South Korea's consumer prices are expected to remain at a low 1% range next year due mainly to a slowdown in the world economy and a modest rise in oil prices, coupled with contracted domestic demand, a state-run think tank said Tuesday.
"Korea's inflation is projected to mark a 1.1-1.4% rise in 2017, implying that the probability of achieving the inflation target (of 2%) is low," the Korea Development Institute (KDI) said in a report.
"Oil prices are expected to rise gradually. However, the weakening of external and internal demand, resulting from the recent stagnation in the domestic economy and a global economy exposed to downside risks from the political uncertainties in the US, among others, will most likely limit any gains in Korea's inflation," it said.
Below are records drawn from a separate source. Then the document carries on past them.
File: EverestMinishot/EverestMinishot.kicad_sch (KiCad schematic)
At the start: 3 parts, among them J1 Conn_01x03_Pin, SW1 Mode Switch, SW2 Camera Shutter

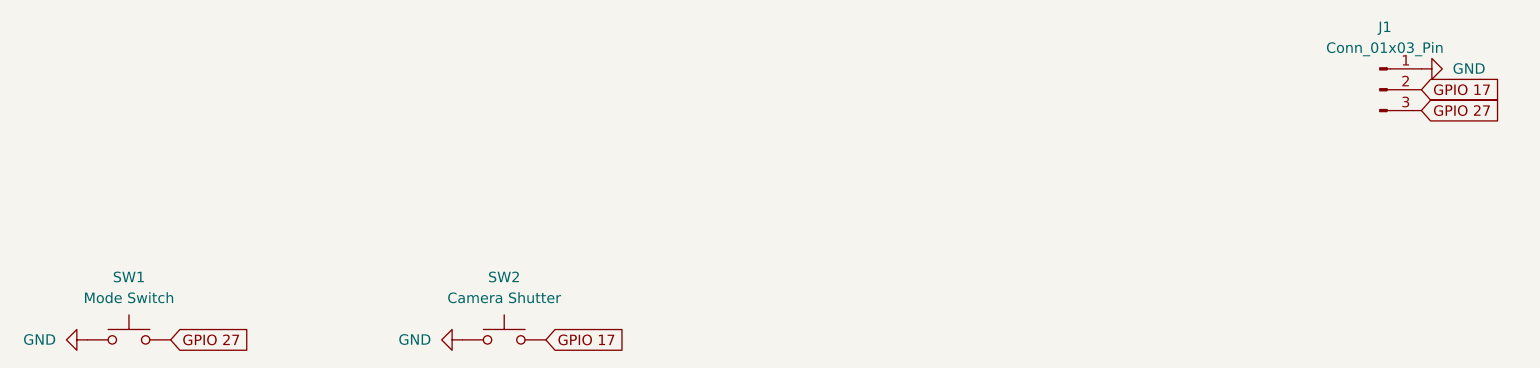
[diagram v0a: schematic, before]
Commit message: Made Code for Camera to work
In this update I made it so the camera would work using python code.
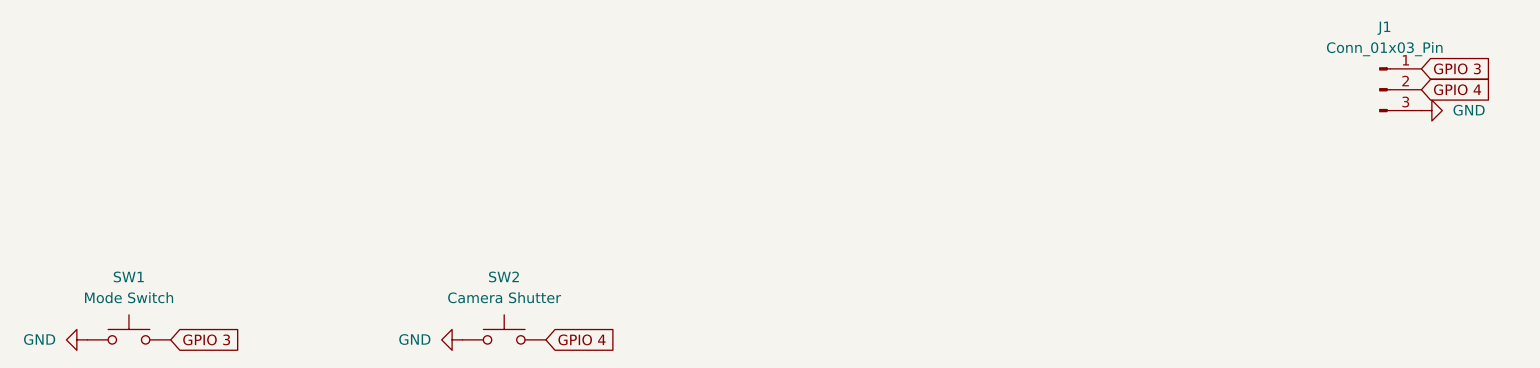
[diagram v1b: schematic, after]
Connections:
- net GND: now also J1.3 (Pin_3); no longer J1.1 (Pin_1)
- net GPIO 17 renamed GPIO 4
- net GPIO 27 renamed GPIO 3
- net GPIO 3: now also J1.1 (Pin_1); no longer J1.3 (Pin_3)
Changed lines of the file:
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@@
 	(generator_version "10.0")
 	(paper "A4")
-	(global_label "GPIO 27"
-		(shape input)
-		(at 228.6 91.44 0)
-		(fields_autoplaced yes)
-		(effects
-			(font
-				(size 1.27 1.27)
-			)
-			(justify left)
-		)
-		(property "Intersheetrefs" "${INTERSHEET_REFS}"
-			(at 239.4471 91.44 0)
-			(hide yes)
-			(show_name no)
-			(do_not_autoplace no)
-			(effects
-				(font
-					(size 1.27 1.27)
-				)
-				(justify left)
-			)
-		)
-	)
-	(global_label "GPIO 17"
+	(global_label "GPIO 4"
+		(shape input)
+		(at 228.6 88.9 0)
+		(fields_autoplaced yes)
+		(effects
+			(font
+				(size 1.27 1.27)
+			)
+			(justify left)
+		)
+		(property "Intersheetrefs" "${INTERSHEET_REFS}"
+			(at 238.2376 88.9 0)
+			(hide yes)
+			(show_name no)
+			(do_not_autoplace no)
+			(effects
+				(font
+					(size 1.27 1.27)
+				)
+				(justify left)
+			)
+		)
+	)
+	(global_label "GPIO 4"
 		(shape input)
 		(at 121.92 119.38 0)
@@
 		)
 		(property "Intersheetrefs" "${INTERSHEET_REFS}"
-			(at 132.7671 119.38 0)
-			(hide yes)
-			(show_name no)
-			(do_not_autoplace no)
-			(effects
-				(font
-					(size 1.27 1.27)
-				)
-				(justify left)
-			)
-		)
-	)
-	(global_label "GPIO 17"
-		(shape input)
-		(at 228.6 88.9 0)
-		(fields_autoplaced yes)
-		(effects
-			(font
-				(size 1.27 1.27)
-			)
-			(justify left)
-		)
-		(property "Intersheetrefs" "${INTERSHEET_REFS}"
-			(at 239.4471 88.9 0)
-			(hide yes)
-			(show_name no)
-			(do_not_autoplace no)
-			(effects
-				(font
-					(size 1.27 1.27)
-				)
-				(justify left)
-			)
-		)
-	)
-	(global_label "GPIO 27"
+			(at 131.5576 119.38 0)
+			(hide yes)
+			(show_name no)
+			(do_not_autoplace no)
+			(effects
+				(font
+					(size 1.27 1.27)
+				)
+				(justify left)
+			)
+		)
+	)
+	(global_label "GPIO 3"
+		(shape input)
+		(at 228.6 86.36 0)
+		(fields_autoplaced yes)
+		(effects
+			(font
+				(size 1.27 1.27)
+			)
+			(justify left)
+		)
+		(property "Intersheetrefs" "${INTERSHEET_REFS}"
+			(at 238.2376 86.36 0)
+			(hide yes)
+			(show_name no)
+			(do_not_autoplace no)
+			(effects
+				(font
+					(size 1.27 1.27)
+				)
+				(justify left)
+			)
+		)
+	)
+	(global_label "GPIO 3"
 		(shape input)
 		(at 76.2 119.38 0)
@@
 		)
 		(property "Intersheetrefs" "${INTERSHEET_REFS}"
-			(at 87.0471 119.38 0)
+			(at 85.8376 119.38 0)
 			(hide yes)
 			(show_name no)
@@
 	(symbol
 		(lib_id "power:GND")
-		(at 228.6 86.36 90)
+		(at 228.6 91.44 90)
 		(unit 1)
 		(body_style 1)
@@
 		(fields_autoplaced yes)
 		(property "Reference" "#PWR03"
-			(at 234.95 86.36 0)
+			(at 234.95 91.44 0)
 			(hide yes)
 			(show_name no)
@@
 		)
 		(property "Value" "GND"
-			(at 232.41 86.3599 90)
+			(at 232.41 91.4399 90)
 			(show_name no)
 			(do_not_autoplace no)
@@
 		)
 		(property "Footprint" ""
-			(at 228.6 86.36 0)
+			(at 228.6 91.44 0)
 			(hide yes)
 			(show_name no)
@@
 		)
 		(property "Datasheet" ""
-			(at 228.6 86.36 0)
+			(at 228.6 91.44 0)
 			(hide yes)
 			(show_name no)
@@
 		)
 		(property "Description" "Power symbol creates a global label with name \"GND\" , ground"
-			(at 228.6 86.36 0)
-			(hide yes)
-			(show_name no)
+			(at 228.6 91.44 0)
+			(hide yes)
+			(show_name no)

South Korea's consumer price index has been hovering below the 1% level for years, raising concerns over deflation in Asia's fourth largest economy.
For the first 11 months of 2016, the country's inflation rose an average 0.9%, slightly up from a 0.7% rise in 2015, far below the 2% inflation target set by the Bank of Korea.
The average inflation stood at 1.3% in the 2012-2016 period, with the corresponding 2000-2011 figure hitting 3.2%, South Korea's News Agency (Yonhap) reported.
The KDI report noted that the low inflation trend is largely driven by sluggish global demand and low oil prices, considering that South Korea is a mid-sized open market that imports nearly all of its crude oil consumption.
International oil prices fell 50% and 20% in 2015 and 2016, respectively, causing consumer prices in South Korea to drop by 1%, it added.
"The ongoing disinflation since 2015 is mainly due to the changes in external factors," said the state-run think tank. "On the other hand, domestic aggregate demand pressure shocks have had a relatively small impact on consumer prices: a trend that has been observed in the post-global financial crisis." The think tank suggested that the central bank take a more expansionary stance to ease such external downside pressures to achieve the 2% inflation target in the face of a possible US rate hike.
"To tackle the prolonged period of low inflation, the monetary authorities should implement active measures to increase inflation according to inflationary prospects and economic changes," it said.